## TASK DETAILS
Return every entry exactly as written, with the pictures removed.

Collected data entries
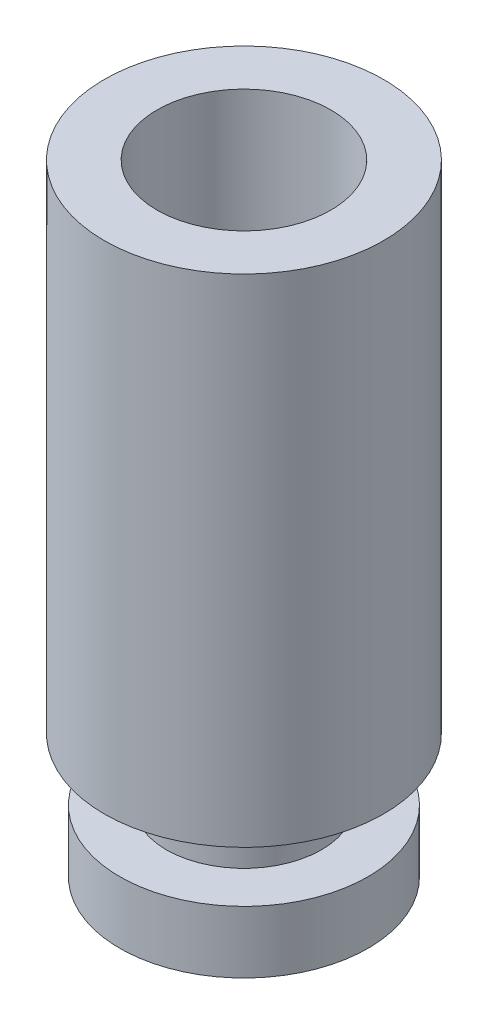
SolidWorks part; units mm, degrees
ref_plane "Front Plane" through (0, 0, 0) normal (0, 0, 1) x (1, 0, 0)
ref_plane "Top Plane" through (0, 0, 0) normal (0, 1, 0) x (1, 0, 0)
ref_plane "Right Plane" through (0, 0, 0) normal (1, 0, 0) x (0, 0, -1)
sketch "Sketch1" plane through (0, 0, 0) normal (0, 1, 0) x (1, 0, 0)
  circle A0 centre (-0.522, 0.5111) radius 1.375
  circle A1 centre (-0.522, 0.5111) radius 2.25
  dimension "D1" = 2.75
  dimension "D2" = 4.5
extrude "Boss-Extrude1" add sketch "Sketch1" along normal blind 8 contours A1
extrude "Boss-Extrude2" add sketch "Sketch1<3>" along normal blind 1 contours A0 region at (-0.522, 0, -0.5111)
sketch "Sketch1<3>" plane through (0, 0, 0) normal (0, 1, 0) x (1, 0, 0) same geometry as "Sketch1"
sketch "Sketch5" plane through (0, 0, 0) normal (0, -1, 0) x (1, 0, 0)
  circle A3 centre (-0.522, -0.5111) radius 1.25
  dimension "D1" = 2.5
extrude "Boss-Extrude3" add sketch "Sketch5" along normal blind 1 contours A3
sketch "Sketch6" plane through (0, -1, 0) normal (0, -1, 0) x (1, 0, 0)
  circle A0 centre (-0.522, -0.5111) radius 2
  dimension "D1" = 4
extrude "Boss-Extrude4" add sketch "Sketch6" along normal blind 1
sketch "Sketch8" plane through (0, -2, 0) normal (0, -1, 0) x (-1, 0, 0)
  circle A0 centre (0.522, 0.5111) radius 1.5
  dimension "D1" = 3
sketch "Sketch11" plane through (0, 8, 0) normal (0, 1, 0) x (1, 0, 0)
  text T0 "VIII" font "Century Gothic" height in points 5
sketch "Sketch12" plane through (0, 8, 0) normal (0, 1, 0) x (1, 0, 0)
  circle A0 centre (-0.522, 0.5111) radius 1.4
  dimension "D1" = 2.8
extrude "Cut-Extrude1" cut sketch "Sketch12" against normal blind 7.5

## OUTPUT FOR THIS TASK
SolidWorks part; units mm, degrees
ref_plane "Front Plane" through (0, 0, 0) normal (0, 0, 1) x (1, 0, 0)
ref_plane "Top Plane" through (0, 0, 0) normal (0, 1, 0) x (1, 0, 0)
ref_plane "Right Plane" through (0, 0, 0) normal (1, 0, 0) x (0, 0, -1)
sketch "Sketch1" plane through (0, 0, 0) normal (0, 1, 0) x (1, 0, 0)
  circle A0 centre (-0.522, 0.5111) radius 1.375
  circle A1 centre (-0.522, 0.5111) radius 2.25
  dimension "D1" = 2.75
  dimension "D2" = 4.5
extrude "Boss-Extrude1" add sketch "Sketch1" along normal blind 8 contours A1
extrude "Boss-Extrude2" add sketch "Sketch1<3>" along normal blind 1 contours A0 region at (-0.522, 0, -0.5111)
sketch "Sketch1<3>" plane through (0, 0, 0) normal (0, 1, 0) x (1, 0, 0) same geometry as "Sketch1"
sketch "Sketch5" plane through (0, 0, 0) normal (0, -1, 0) x (1, 0, 0)
  circle A3 centre (-0.522, -0.5111) radius 1.25
  dimension "D1" = 2.5
extrude "Boss-Extrude3" add sketch "Sketch5" along normal blind 1 contours A3
sketch "Sketch6" plane through (0, -1, 0) normal (0, -1, 0) x (1, 0, 0)
  circle A0 centre (-0.522, -0.5111) radius 2
  dimension "D1" = 4
extrude "Boss-Extrude4" add sketch "Sketch6" along normal blind 1
sketch "Sketch8" plane through (0, -2, 0) normal (0, -1, 0) x (-1, 0, 0)
  circle A0 centre (0.522, 0.5111) radius 1.5
  dimension "D1" = 3
sketch "Sketch11" plane through (0, 8, 0) normal (0, 1, 0) x (1, 0, 0)
  text T0 "VIII" font "Century Gothic" height in points 5
sketch "Sketch12" plane through (0, 8, 0) normal (0, 1, 0) x (1, 0, 0)
  circle A0 centre (-0.522, 0.5111) radius 1.4
  dimension "D1" = 2.8
extrude "Cut-Extrude1" cut sketch "Sketch12" against normal blind 7.5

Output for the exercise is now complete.